Intl. Notebook Feb 27 2018
ALWAYS A PLAISIR
Pulp and art deco. Two great tastes that rarely went together.


The pulp era is generally agreed as having commenced the last several years of the 19th century and having ended during the 1950s. Art deco is agreed to have begun around 1900 and ended around the beginning of World War II. Despite co-existing, they occupied the same place surprisingly little. You would see crossover in cinematic adaptations of pulp material such as Flash Gordon, with its deco styled spaceships and costumes. Some pulp magazines had art deco influenced fonts, and some hardbacks had art deco sleeve art, such as those designed by Edna Reindel for W.R. Burnett's novels Iron Man and Saint Johnson. But when popular paperbacks and magazines began to focus on high quality cover art they developed their own visual style which we think of today as good girl art, or GGA.

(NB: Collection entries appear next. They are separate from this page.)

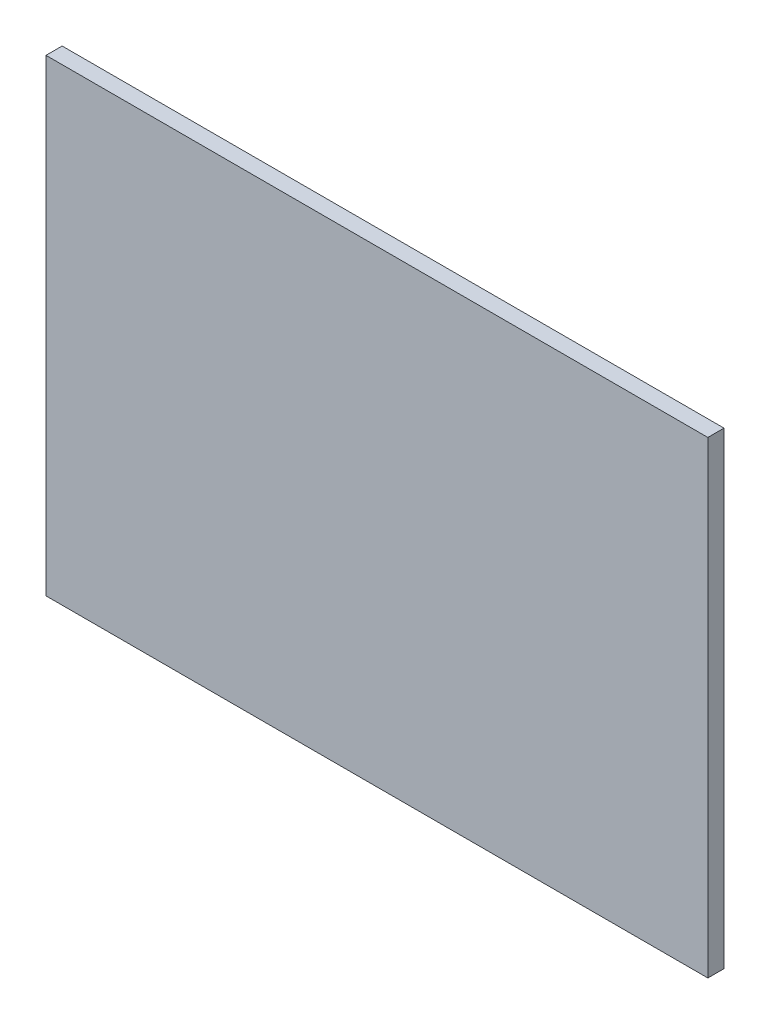
ISO-10303-21;
HEADER;
FILE_DESCRIPTION(('STEP AP214'),'2;1');
FILE_NAME('part.step','',(''),(''),'','','');
FILE_SCHEMA(('AUTOMOTIVE_DESIGN { 1 0 10303 214 1 1 1 1 }'));
ENDSEC;
DATA;
#1=APPLICATION_CONTEXT('core data for automotive mechanical design processes');
#2=APPLICATION_PROTOCOL_DEFINITION('international standard','automotive_design',2000,#1);
#3=PRODUCT_CONTEXT('',#1,'mechanical');
#4=PRODUCT('Part','Part','',(#3));
#5=PRODUCT_RELATED_PRODUCT_CATEGORY('part','',(#4));
#6=PRODUCT_DEFINITION_FORMATION('','',#4);
#7=PRODUCT_DEFINITION_CONTEXT('part definition',#1,'design');
#8=PRODUCT_DEFINITION('design','',#6,#7);
#9=PRODUCT_DEFINITION_SHAPE('','',#8);
#10=(LENGTH_UNIT() NAMED_UNIT(*) SI_UNIT(.MILLI.,.METRE.));
#11=(NAMED_UNIT(*) PLANE_ANGLE_UNIT() SI_UNIT($,.RADIAN.));
#12=(NAMED_UNIT(*) SI_UNIT($,.STERADIAN.) SOLID_ANGLE_UNIT());
#13=UNCERTAINTY_MEASURE_WITH_UNIT(LENGTH_MEASURE(1.E-05),#10,'distance_accuracy_value','');
#14=(GEOMETRIC_REPRESENTATION_CONTEXT(3) GLOBAL_UNCERTAINTY_ASSIGNED_CONTEXT((#13)) GLOBAL_UNIT_ASSIGNED_CONTEXT((#10,
#11,#12)) REPRESENTATION_CONTEXT('',''));
#15=CARTESIAN_POINT('',(0.,0.,0.));
#16=DIRECTION('',(0.,0.,1.));
#17=DIRECTION('',(1.,0.,0.));
#18=AXIS2_PLACEMENT_3D('',#15,#16,#17);
#19=CARTESIAN_POINT('',(-7.10842449721226,45.4624783362218,2.));
#20=DIRECTION('',(1.,0.,0.));
#21=DIRECTION('',(0.,0.,-1.));
#22=AXIS2_PLACEMENT_3D('',#19,#20,#21);
#23=PLANE('',#22);
#24=DIRECTION('',(0.,-1.,0.));
#25=VECTOR('',#24,1.);
#26=CARTESIAN_POINT('',(-7.10842449721226,45.4624783362218,0.));
#27=LINE('',#26,#25);
#28=CARTESIAN_POINT('',(-7.10842449721226,45.4624783362218,0.));
#29=VERTEX_POINT('',#28);
#30=CARTESIAN_POINT('',(-7.10842449721226,-12.5375216637782,0.));
#31=VERTEX_POINT('',#30);
#32=EDGE_CURVE('E97',#29,#31,#27,.T.);
#33=ORIENTED_EDGE('',*,*,#32,.T.);
#34=DIRECTION('',(0.,0.,-1.));
#35=VECTOR('',#34,1.);
#36=CARTESIAN_POINT('',(-7.10842449721226,-12.5375216637782,2.));
#37=LINE('',#36,#35);
#38=CARTESIAN_POINT('',(-7.10842449721226,-12.5375216637782,2.));
#39=VERTEX_POINT('',#38);
#40=EDGE_CURVE('E11',#39,#31,#37,.T.);
#41=ORIENTED_EDGE('',*,*,#40,.F.);
#42=DIRECTION('',(0.,-1.,0.));
#43=VECTOR('',#42,1.);
#44=CARTESIAN_POINT('',(-7.10842449721226,45.4624783362218,2.));
#45=LINE('',#44,#43);
#46=CARTESIAN_POINT('',(-7.10842449721226,45.4624783362218,2.));
#47=VERTEX_POINT('',#46);
#48=EDGE_CURVE('E85',#47,#39,#45,.T.);
#49=ORIENTED_EDGE('',*,*,#48,.F.);
#50=DIRECTION('',(0.,0.,-1.));
#51=VECTOR('',#50,1.);
#52=CARTESIAN_POINT('',(-7.10842449721226,45.4624783362218,2.));
#53=LINE('',#52,#51);
#54=EDGE_CURVE('E93',#47,#29,#53,.T.);
#55=ORIENTED_EDGE('',*,*,#54,.T.);
#56=EDGE_LOOP('',(#33,#41,#49,#55));
#57=FACE_BOUND('',#56,.T.);
#58=ADVANCED_FACE('F34',(#57),#23,.F.);
#59=CARTESIAN_POINT('',(-7.10842449721226,-12.5375216637782,2.));
#60=DIRECTION('',(0.,1.,0.));
#61=DIRECTION('',(0.,0.,1.));
#62=AXIS2_PLACEMENT_3D('',#59,#60,#61);
#63=PLANE('',#62);
#64=DIRECTION('',(1.,0.,0.));
#65=VECTOR('',#64,1.);
#66=CARTESIAN_POINT('',(-7.10842449721226,-12.5375216637782,0.));
#67=LINE('',#66,#65);
#68=CARTESIAN_POINT('',(74.8915755027878,-12.5375216637782,0.));
#69=VERTEX_POINT('',#68);
#70=EDGE_CURVE('E89',#31,#69,#67,.T.);
#71=ORIENTED_EDGE('',*,*,#70,.T.);
#72=DIRECTION('',(0.,0.,-1.));
#73=VECTOR('',#72,1.);
#74=CARTESIAN_POINT('',(74.8915755027878,-12.5375216637782,2.));
#75=LINE('',#74,#73);
#76=CARTESIAN_POINT('',(74.8915755027878,-12.5375216637782,2.));
#77=VERTEX_POINT('',#76);
#78=EDGE_CURVE('E42',#77,#69,#75,.T.);
#79=ORIENTED_EDGE('',*,*,#78,.F.);
#80=DIRECTION('',(1.,0.,0.));
#81=VECTOR('',#80,1.);
#82=CARTESIAN_POINT('',(-7.10842449721226,-12.5375216637782,2.));
#83=LINE('',#82,#81);
#84=EDGE_CURVE('E80',#39,#77,#83,.T.);
#85=ORIENTED_EDGE('',*,*,#84,.F.);
#86=ORIENTED_EDGE('',*,*,#40,.T.);
#87=EDGE_LOOP('',(#71,#79,#85,#86));
#88=FACE_BOUND('',#87,.T.);
#89=ADVANCED_FACE('F88',(#88),#63,.F.);
#90=CARTESIAN_POINT('',(74.8915755027877,45.4624783362218,2.));
#91=DIRECTION('',(-1.,0.,0.));
#92=DIRECTION('',(0.,-1.,0.));
#93=AXIS2_PLACEMENT_3D('',#90,#91,#92);
#94=PLANE('',#93);
#95=DIRECTION('',(0.,1.,0.));
#96=VECTOR('',#95,1.);
#97=CARTESIAN_POINT('',(74.8915755027877,45.4624783362218,0.));
#98=LINE('',#97,#96);
#99=CARTESIAN_POINT('',(74.8915755027877,45.4624783362218,0.));
#100=VERTEX_POINT('',#99);
#101=EDGE_CURVE('E67',#69,#100,#98,.T.);
#102=ORIENTED_EDGE('',*,*,#101,.T.);
#103=DIRECTION('',(0.,0.,-1.));
#104=VECTOR('',#103,1.);
#105=CARTESIAN_POINT('',(74.8915755027877,45.4624783362218,2.));
#106=LINE('',#105,#104);
#107=CARTESIAN_POINT('',(74.8915755027877,45.4624783362218,2.));
#108=VERTEX_POINT('',#107);
#109=EDGE_CURVE('E90',#108,#100,#106,.T.);
#110=ORIENTED_EDGE('',*,*,#109,.F.);
#111=DIRECTION('',(0.,1.,0.));
#112=VECTOR('',#111,1.);
#113=CARTESIAN_POINT('',(74.8915755027877,45.4624783362218,2.));
#114=LINE('',#113,#112);
#115=EDGE_CURVE('E83',#77,#108,#114,.T.);
#116=ORIENTED_EDGE('',*,*,#115,.F.);
#117=ORIENTED_EDGE('',*,*,#78,.T.);
#118=EDGE_LOOP('',(#102,#110,#116,#117));
#119=FACE_BOUND('',#118,.T.);
#120=ADVANCED_FACE('F91',(#119),#94,.F.);
#121=CARTESIAN_POINT('',(-7.10842449721226,45.4624783362218,2.));
#122=DIRECTION('',(0.,-1.,0.));
#123=DIRECTION('',(0.,0.,-1.));
#124=AXIS2_PLACEMENT_3D('',#121,#122,#123);
#125=PLANE('',#124);
#126=DIRECTION('',(-1.,0.,0.));
#127=VECTOR('',#126,1.);
#128=CARTESIAN_POINT('',(-7.10842449721226,45.4624783362218,0.));
#129=LINE('',#128,#127);
#130=EDGE_CURVE('E73',#100,#29,#129,.T.);
#131=ORIENTED_EDGE('',*,*,#130,.T.);
#132=ORIENTED_EDGE('',*,*,#54,.F.);
#133=DIRECTION('',(-1.,0.,0.));
#134=VECTOR('',#133,1.);
#135=CARTESIAN_POINT('',(-7.10842449721226,45.4624783362218,2.));
#136=LINE('',#135,#134);
#137=EDGE_CURVE('E50',#108,#47,#136,.T.);
#138=ORIENTED_EDGE('',*,*,#137,.F.);
#139=ORIENTED_EDGE('',*,*,#109,.T.);
#140=EDGE_LOOP('',(#131,#132,#138,#139));
#141=FACE_BOUND('',#140,.T.);
#142=ADVANCED_FACE('F104',(#141),#125,.F.);
#143=CARTESIAN_POINT('',(0.,0.,2.));
#144=DIRECTION('',(0.,0.,1.));
#145=DIRECTION('',(1.,0.,0.));
#146=AXIS2_PLACEMENT_3D('',#143,#144,#145);
#147=PLANE('',#146);
#148=ORIENTED_EDGE('',*,*,#48,.T.);
#149=ORIENTED_EDGE('',*,*,#84,.T.);
#150=ORIENTED_EDGE('',*,*,#115,.T.);
#151=ORIENTED_EDGE('',*,*,#137,.T.);
#152=EDGE_LOOP('',(#148,#149,#150,#151));
#153=FACE_BOUND('',#152,.T.);
#154=ADVANCED_FACE('F81',(#153),#147,.T.);
#155=CARTESIAN_POINT('',(0.,0.,0.));
#156=DIRECTION('',(0.,0.,1.));
#157=DIRECTION('',(1.,0.,0.));
#158=AXIS2_PLACEMENT_3D('',#155,#156,#157);
#159=PLANE('',#158);
#160=ORIENTED_EDGE('',*,*,#32,.F.);
#161=ORIENTED_EDGE('',*,*,#130,.F.);
#162=ORIENTED_EDGE('',*,*,#101,.F.);
#163=ORIENTED_EDGE('',*,*,#70,.F.);
#164=EDGE_LOOP('',(#160,#161,#162,#163));
#165=FACE_BOUND('',#164,.T.);
#166=ADVANCED_FACE('F107',(#165),#159,.F.);
#167=CLOSED_SHELL('',(#58,#89,#120,#142,#154,#166));
#168=MANIFOLD_SOLID_BREP('B2',#167);
#169=ADVANCED_BREP_SHAPE_REPRESENTATION('',(#18,#168),#14);
#170=SHAPE_DEFINITION_REPRESENTATION(#9,#169);
ENDSEC;
END-ISO-10303-21;

But even if pulp and art deco didn't mix much back then, they mix here. Today we have an issue of Paris Plaisirs published in 1929 with drawings, paintings, studio photography, French wit and more. The cover photo-illustration was shot by Lucien Waléry, also known as Stanisław Julian Ignacy Ostroróg. Though his name was Polish he was a British citizen, born in London after his father Stanisław Julian Ostroróg—also a famed photographer—emigrated there in 1856 and became a citizen in 1862. The younger Ostroróg took the pseudonym Waléry and thus forever created confusion with earlier photographers who had used the same name. We won't bother unwinding all those Walérys. You can see another of our Waléry's beautiful art deco covers here, and we have other issues of Paris Plaisirs you can see by clicking the keywords at bottom.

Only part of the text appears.